• **Assignment**: Drop every picture, then print the rest of the listing exactly as given.

Segment Start: The data

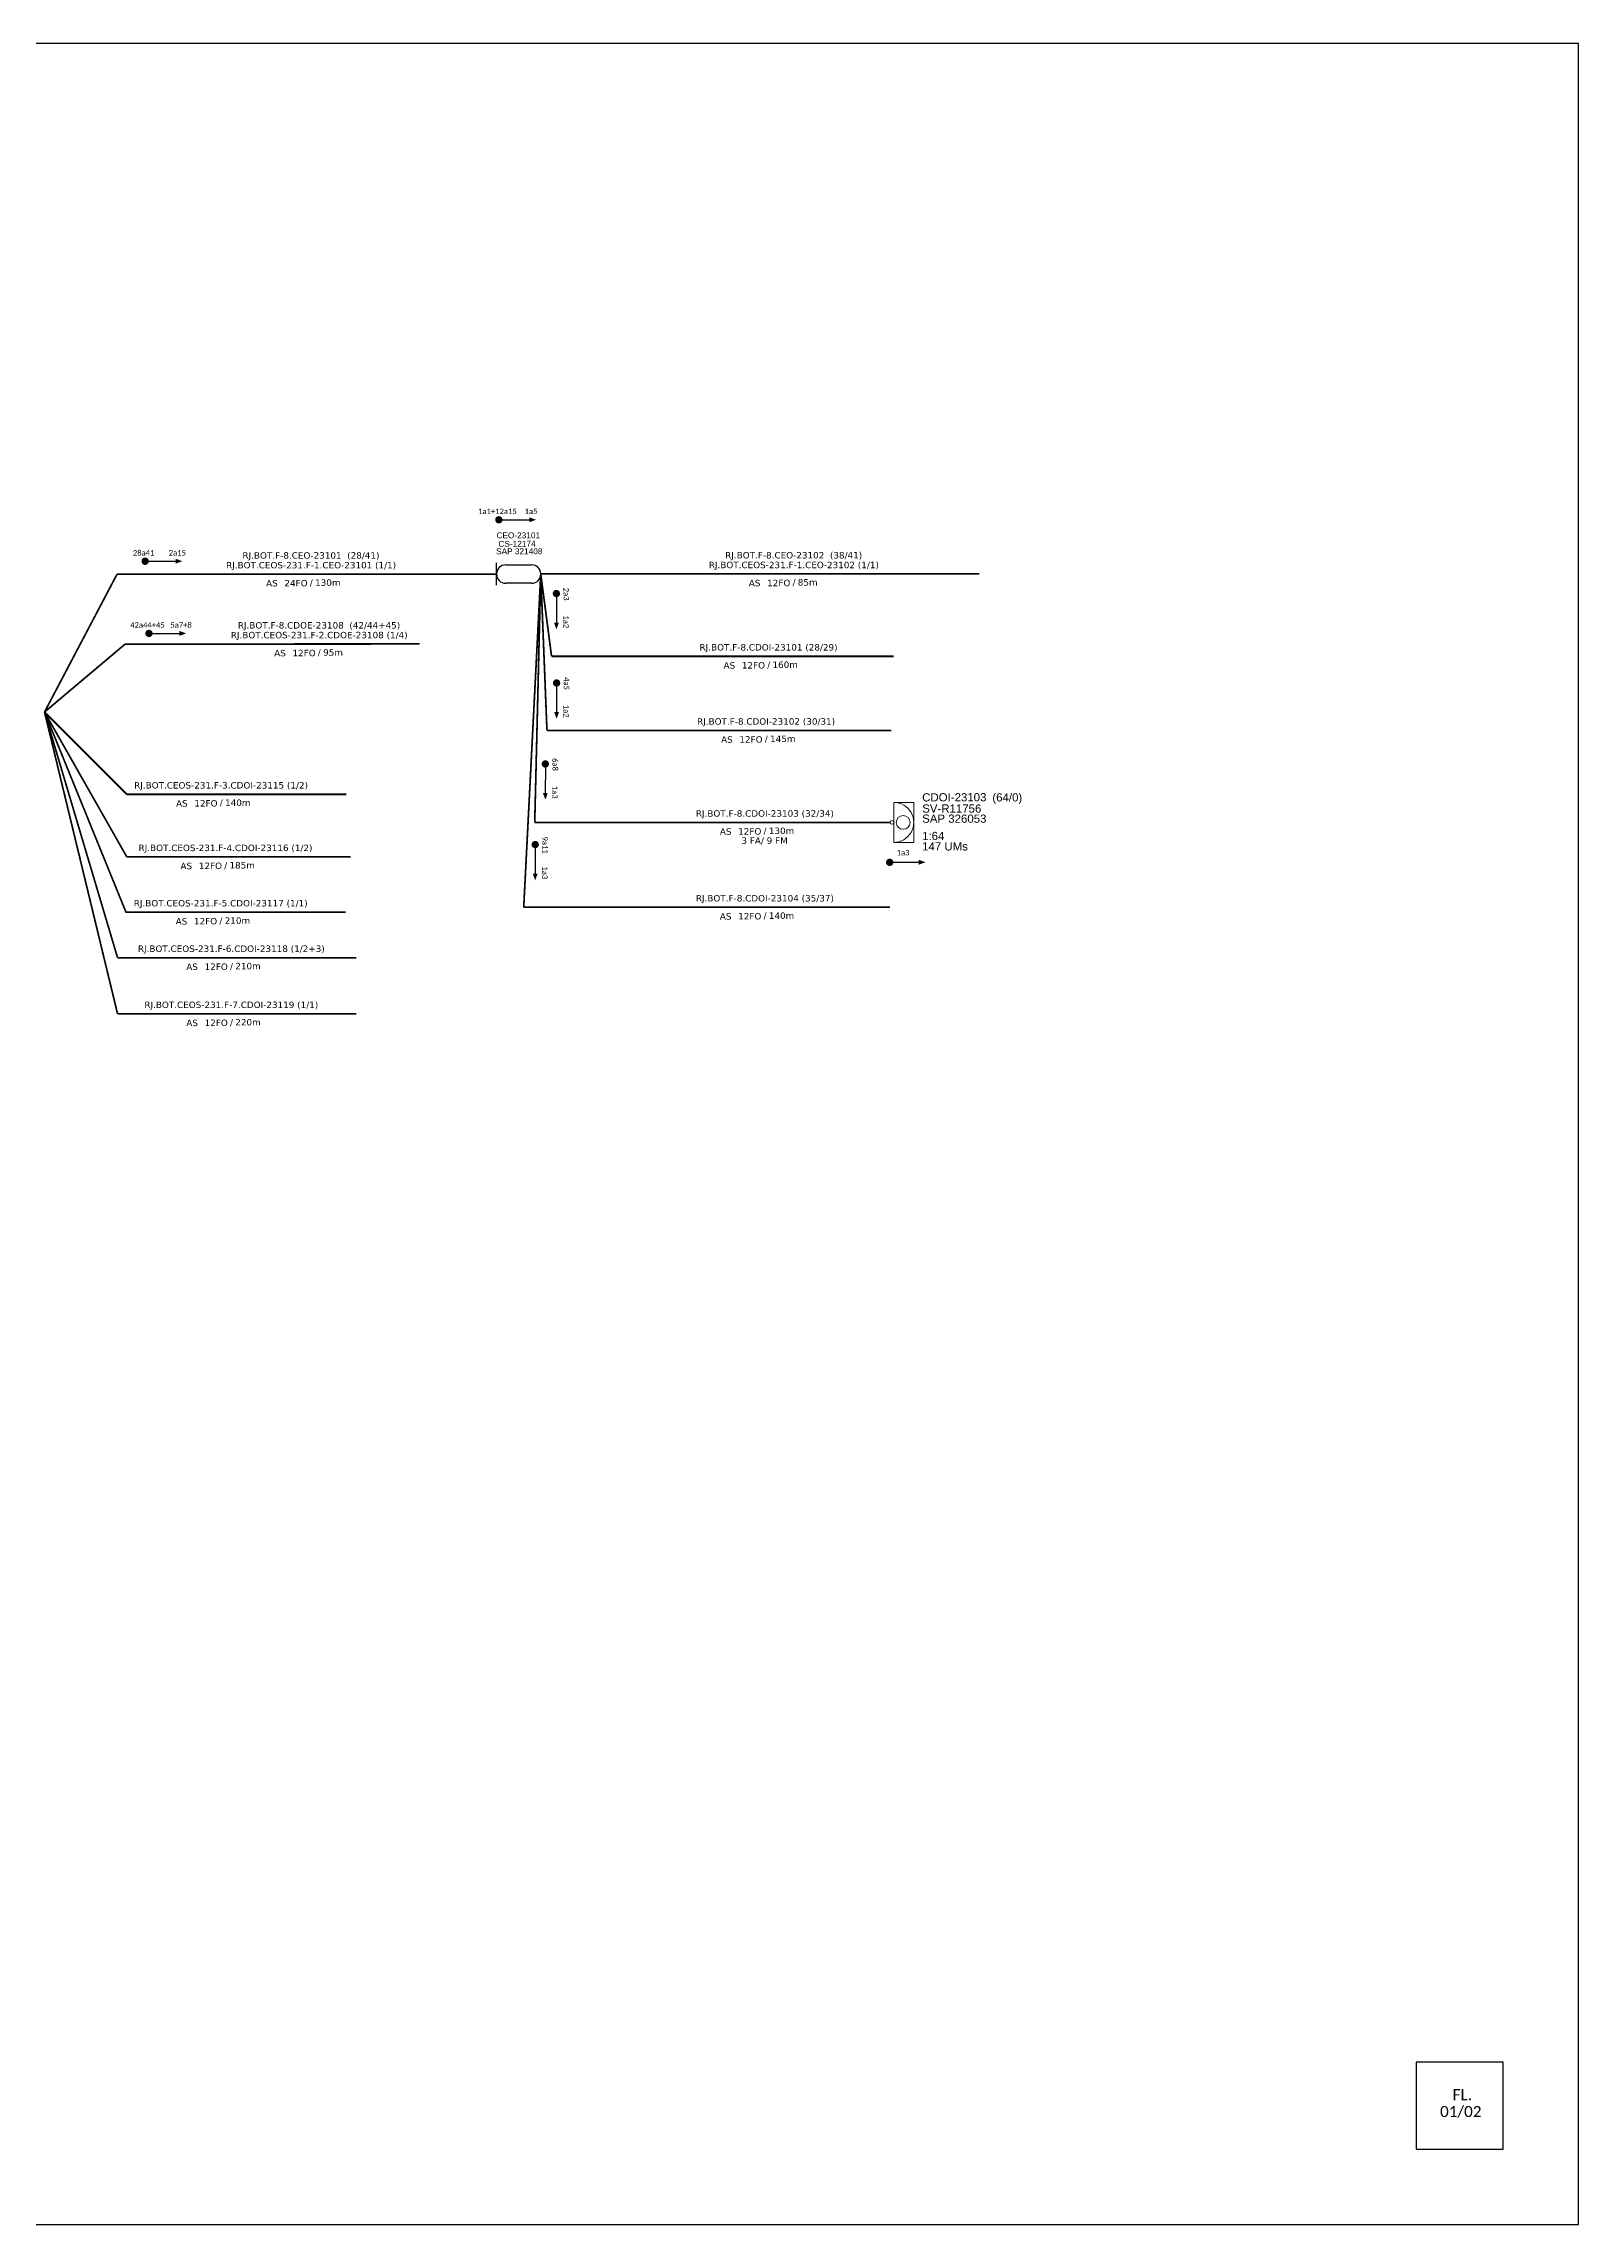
# Model space of a CAD drawing. Extents: x -4 to 1778, y 1 to 595.
# Drawn here: x 419 to 837, y 1 to 595 of the extents above; entities that cross this region are included whole.
import ezdxf
from ezdxf.enums import TextEntityAlignment as Align

# ---------------------------------------------------------------- set-up
doc = ezdxf.new("R2010")
doc.units = 0
for name, color, linetype, lineweight in [("20.0-LEGENDA DOS CDO'S", 1, 'Continuous', 0), ('20.2-CDO_POSTE', 1, 'Continuous', 5), ('40.1-ETIQUETAS', 1, 'Continuous', 20)]:
    doc.layers.add(name, color=color, linetype=linetype, lineweight=lineweight)
for name, color, linetype in [('20.4-CEOS', 1, 'Continuous'), ('CAP a instalar', 1, 'Continuous'), ('SETA', 7, 'Continuous')]:
    doc.layers.add(name, color=color, linetype=linetype)
doc.styles.add('ARIAL', font='arial.ttf')
doc.styles.add('siredit', font='verdana.ttf')
doc.styles.add('WMF-Calibri0', font='calibri.ttf')
doc.linetypes.add('FENCELINE1', pattern='A,0.25,-0.1,[133,ltypeshp.shx,S=0.1,R=0,X=-0.1,Y=0],-0.1,1', length=1.45)

# ---------------------------------------------------------------- blocks, each defined once
blk = doc.blocks.new('ETIQUETA_RS5F')
at = {"layer": '40.1-ETIQUETAS', "color": 0, "style": 'siredit'}
blk.add_text('/', height=1.5, dxfattribs=at).set_placement((1.58, -1.95), align=Align.MIDDLE_RIGHT)
for tag, p in [('ETIQUETA_R_SECUNDARIA', (1.21, 2.1)), ('ETIQUETA_R_PRIMARIA', (1.21, 4.1)), ('F_ATIVAS/F_MORTAS', (1.14, -4.24))]:
    blk.add_attdef(tag, text='', height=1.5, dxfattribs=at).set_placement(p, align=Align.MIDDLE_CENTER)
for tag, p in [('TIPO_CABO', (-6.58, -2.12)), ('CAP_CABO', (0.4, -2.09))]:
    blk.add_attdef(tag, text='', height=1.5, dxfattribs=at).set_placement(p, align=Align.MIDDLE_RIGHT)
blk.add_attdef('METROS', text='', height=1.5, dxfattribs=at).set_placement((2.14, -1.95), align=Align.MIDDLE_LEFT)
for tag, p in [('FUSÃO_1', (0.85, -8.39)), ('FUSÃO_2', (0.85, -10.6)), ('FUSÃO_3', (0.85, -12.93)), ('FUSÃO_4', (0.85, -15.14)), ('FUSÃO_5', (0.85, -17.16))]:
    blk.add_attdef(tag, text='', height=1.5, dxfattribs=at).set_placement(p, align=Align.CENTER)
blk = doc.blocks.new('CDOE-TEXTO PADRÃO')
at = {"layer": "20.0-LEGENDA DOS CDO'S", "color": 0, "style": 'ARIAL'}
for tag, p in [('CDO_N', (0.49, 7.39)), ('SAP', (0.51, 1.67)), ('CORDOALHA', (0.5, 4.33)), ('SPLITER_1', (0.59, -0.91)), ('SPLITER_2', (0.6, -3.55)), ('(XX-XX_F)S', (0.54, -8.29)), ('(XX-XX_L)S', (0.55, -10.83)), ('UMS', (0.55, -13.15))]:
    blk.add_attdef(tag, p, '', height=1.7, rotation=0.11799, dxfattribs=at)
blk.add_attdef('FIBRAS_UTILIZADAS', text='', height=1.7, rotation=0.11799, dxfattribs=at).set_placement((19.77, 7.43), align=Align.CENTER)

msp = doc.modelspace()

# ---------------------------------------------------------------- linework, layer by layer
for p, q in [((837.17, 595.26), (-3.83, 595.26)), ((837.17, 1.26), (837.17, 595.26)), ((-3.83, 1.26), (837.17, 1.26))]:
    msp.add_line(p, q)
at = {"const_width": 1}
for points in [[(542.56, 465.55, 1), (543.56, 465.55, 1)], [(446.18, 454.27, 1), (447.18, 454.27, 1)], [(558.73, 445.96, 1), (558.73, 444.96, 1)], [(558.78, 421.61, 1), (558.77, 420.61, 1)], [(555.71, 399.55, 1), (555.71, 398.55, 1)], [(649.04, 372.26, 1), (650.04, 372.26, 1)]]:
    msp.add_lwpolyline(points, format="xyb", close=True, dxfattribs=at)
at = {"color": 7, "const_width": 1}
for points in [[(447.22, 434.6, 1), (448.22, 434.6, 1)], [(552.95, 377.59, 1), (552.95, 376.59, 1)]]:
    msp.add_lwpolyline(points, format="xyb", close=True, dxfattribs=at)
at = {"color": 0}
msp.add_lwpolyline([(816.67, 45.46), (792.97, 45.46), (792.97, 21.75), (816.67, 21.75)], close=True, dxfattribs=at)
at = {"layer": '20.4-CEOS', "color": 5}
for p, q in [((542.4, 447.74), (542.4, 453.8)), ((544.91, 453.28), (551.95, 453.28)), ((551.95, 448.26), (544.91, 448.26))]:
    msp.add_line(p, q, dxfattribs=at)
for centre, start, end in [((544.91, 450.77), 90, 270), ((551.95, 450.77), 270, 90)]:
    msp.add_arc(centre, 2.51, start, end, dxfattribs=at)
at = {"layer": '40.1-ETIQUETAS'}
msp.add_lwpolyline([(650.62, 388.57), (656.07, 388.57), (656.07, 377.67), (650.62, 377.67)], close=True, dxfattribs=at)
for centre, major_axis, start_param, end_param in [((650.62, 383.13), (-3.85, 3.85), 2.356194, 5.497787), ((650.12, 383.13), (-0.356, 0.356), 2.356194490191767, 8.639379797371353), ((653.2, 383.13), (1.33, 1.33), 3.926991, 10.210176)]:
    msp.add_ellipse(centre, major_axis=major_axis, ratio=1, start_param=start_param, end_param=end_param, dxfattribs=at)
at = {"layer": 'CAP a instalar', "color": 7, "linetype": 'FENCELINE1', "ltscale": 7, "const_width": 0.467}
for points in [[(419.26, 413.19), (419.26, 413.19), (439.01, 450.72)], [(439.01, 450.72), (542.4, 450.77)], [(554.46, 450.77), (549.82, 360.01)], [(554.46, 450.82), (673.91, 450.82)], [(554.46, 450.77), (556.15, 408.18)], [(554.46, 450.77), (557.41, 428.36)], [(441.21, 431.69), (419.26, 413.19)], [(441.21, 431.69), (521.47, 431.74)], [(557.41, 428.36), (650.61, 428.36)], [(419.26, 413.19), (439.16, 346.28)], [(556.15, 408.18), (649.95, 408.18)], [(549.82, 360.01), (649.61, 360.01)], [(439.16, 346.28), (504.24, 346.28)]]:
    msp.add_lwpolyline(points, dxfattribs=at)
at = {"layer": 'CAP a instalar', "linetype": 'FENCELINE1', "ltscale": 7, "const_width": 0.467}
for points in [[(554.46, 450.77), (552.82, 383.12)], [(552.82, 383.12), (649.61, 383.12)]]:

Segment End: The data

• **Output for this exercise**:
# Model space of a CAD drawing. Extents: x -4 to 1778, y 1 to 595.
# Drawn here: x 419 to 837, y 1 to 595 of the extents above; entities that cross this region are included whole.
import ezdxf
from ezdxf.enums import TextEntityAlignment as Align

# ---------------------------------------------------------------- set-up
doc = ezdxf.new("R2010")
doc.units = 0
for name, color, linetype, lineweight in [("20.0-LEGENDA DOS CDO'S", 1, 'Continuous', 0), ('20.2-CDO_POSTE', 1, 'Continuous', 5), ('40.1-ETIQUETAS', 1, 'Continuous', 20)]:
    doc.layers.add(name, color=color, linetype=linetype, lineweight=lineweight)
for name, color, linetype in [('20.4-CEOS', 1, 'Continuous'), ('CAP a instalar', 1, 'Continuous'), ('SETA', 7, 'Continuous')]:
    doc.layers.add(name, color=color, linetype=linetype)
doc.styles.add('ARIAL', font='arial.ttf')
doc.styles.add('siredit', font='verdana.ttf')
doc.styles.add('WMF-Calibri0', font='calibri.ttf')
doc.linetypes.add('FENCELINE1', pattern='A,0.25,-0.1,[133,ltypeshp.shx,S=0.1,R=0,X=-0.1,Y=0],-0.1,1', length=1.45)

# ---------------------------------------------------------------- blocks, each defined once
blk = doc.blocks.new('ETIQUETA_RS5F')
at = {"layer": '40.1-ETIQUETAS', "color": 0, "style": 'siredit'}
blk.add_text('/', height=1.5, dxfattribs=at).set_placement((1.58, -1.95), align=Align.MIDDLE_RIGHT)
for tag, p in [('ETIQUETA_R_SECUNDARIA', (1.21, 2.1)), ('ETIQUETA_R_PRIMARIA', (1.21, 4.1)), ('F_ATIVAS/F_MORTAS', (1.14, -4.24))]:
    blk.add_attdef(tag, text='', height=1.5, dxfattribs=at).set_placement(p, align=Align.MIDDLE_CENTER)
for tag, p in [('TIPO_CABO', (-6.58, -2.12)), ('CAP_CABO', (0.4, -2.09))]:
    blk.add_attdef(tag, text='', height=1.5, dxfattribs=at).set_placement(p, align=Align.MIDDLE_RIGHT)
blk.add_attdef('METROS', text='', height=1.5, dxfattribs=at).set_placement((2.14, -1.95), align=Align.MIDDLE_LEFT)
for tag, p in [('FUSÃO_1', (0.85, -8.39)), ('FUSÃO_2', (0.85, -10.6)), ('FUSÃO_3', (0.85, -12.93)), ('FUSÃO_4', (0.85, -15.14)), ('FUSÃO_5', (0.85, -17.16))]:
    blk.add_attdef(tag, text='', height=1.5, dxfattribs=at).set_placement(p, align=Align.CENTER)
blk = doc.blocks.new('CDOE-TEXTO PADRÃO')
at = {"layer": "20.0-LEGENDA DOS CDO'S", "color": 0, "style": 'ARIAL'}
for tag, p in [('CDO_N', (0.49, 7.39)), ('SAP', (0.51, 1.67)), ('CORDOALHA', (0.5, 4.33)), ('SPLITER_1', (0.59, -0.91)), ('SPLITER_2', (0.6, -3.55)), ('(XX-XX_F)S', (0.54, -8.29)), ('(XX-XX_L)S', (0.55, -10.83)), ('UMS', (0.55, -13.15))]:
    blk.add_attdef(tag, p, '', height=1.7, rotation=0.11799, dxfattribs=at)
blk.add_attdef('FIBRAS_UTILIZADAS', text='', height=1.7, rotation=0.11799, dxfattribs=at).set_placement((19.77, 7.43), align=Align.CENTER)

msp = doc.modelspace()

# ---------------------------------------------------------------- linework, layer by layer
for p, q in [((837.17, 595.26), (-3.83, 595.26)), ((837.17, 1.26), (837.17, 595.26)), ((-3.83, 1.26), (837.17, 1.26))]:
    msp.add_line(p, q)
at = {"const_width": 1}
for points in [[(542.56, 465.55, 1), (543.56, 465.55, 1)], [(446.18, 454.27, 1), (447.18, 454.27, 1)], [(558.73, 445.96, 1), (558.73, 444.96, 1)], [(558.78, 421.61, 1), (558.77, 420.61, 1)], [(555.71, 399.55, 1), (555.71, 398.55, 1)], [(649.04, 372.26, 1), (650.04, 372.26, 1)]]:
    msp.add_lwpolyline(points, format="xyb", close=True, dxfattribs=at)
at = {"color": 7, "const_width": 1}
for points in [[(447.22, 434.6, 1), (448.22, 434.6, 1)], [(552.95, 377.59, 1), (552.95, 376.59, 1)]]:
    msp.add_lwpolyline(points, format="xyb", close=True, dxfattribs=at)
at = {"color": 0}
msp.add_lwpolyline([(816.67, 45.46), (792.97, 45.46), (792.97, 21.75), (816.67, 21.75)], close=True, dxfattribs=at)
at = {"layer": '20.4-CEOS', "color": 5}
for p, q in [((542.4, 447.74), (542.4, 453.8)), ((544.91, 453.28), (551.95, 453.28)), ((551.95, 448.26), (544.91, 448.26))]:
    msp.add_line(p, q, dxfattribs=at)
for centre, start, end in [((544.91, 450.77), 90, 270), ((551.95, 450.77), 270, 90)]:
    msp.add_arc(centre, 2.51, start, end, dxfattribs=at)
at = {"layer": '40.1-ETIQUETAS'}
msp.add_lwpolyline([(650.62, 388.57), (656.07, 388.57), (656.07, 377.67), (650.62, 377.67)], close=True, dxfattribs=at)
for centre, major_axis, start_param, end_param in [((650.62, 383.13), (-3.85, 3.85), 2.356194, 5.497787), ((650.12, 383.13), (-0.356, 0.356), 2.356194490191767, 8.639379797371353), ((653.2, 383.13), (1.33, 1.33), 3.926991, 10.210176)]:
    msp.add_ellipse(centre, major_axis=major_axis, ratio=1, start_param=start_param, end_param=end_param, dxfattribs=at)
at = {"layer": 'CAP a instalar', "color": 7, "linetype": 'FENCELINE1', "ltscale": 7, "const_width": 0.467}
for points in [[(419.26, 413.19), (419.26, 413.19), (439.01, 450.72)], [(439.01, 450.72), (542.4, 450.77)], [(554.46, 450.77), (549.82, 360.01)], [(554.46, 450.82), (673.91, 450.82)], [(554.46, 450.77), (556.15, 408.18)], [(554.46, 450.77), (557.41, 428.36)], [(441.21, 431.69), (419.26, 413.19)], [(441.21, 431.69), (521.47, 431.74)], [(557.41, 428.36), (650.61, 428.36)], [(419.26, 413.19), (439.16, 346.28)], [(556.15, 408.18), (649.95, 408.18)], [(549.82, 360.01), (649.61, 360.01)], [(439.16, 346.28), (504.24, 346.28)]]:
    msp.add_lwpolyline(points, dxfattribs=at)
at = {"layer": 'CAP a instalar', "linetype": 'FENCELINE1', "ltscale": 7, "const_width": 0.467}
for points in [[(554.46, 450.77), (552.82, 383.12)], [(552.82, 383.12), (649.61, 383.12)]]:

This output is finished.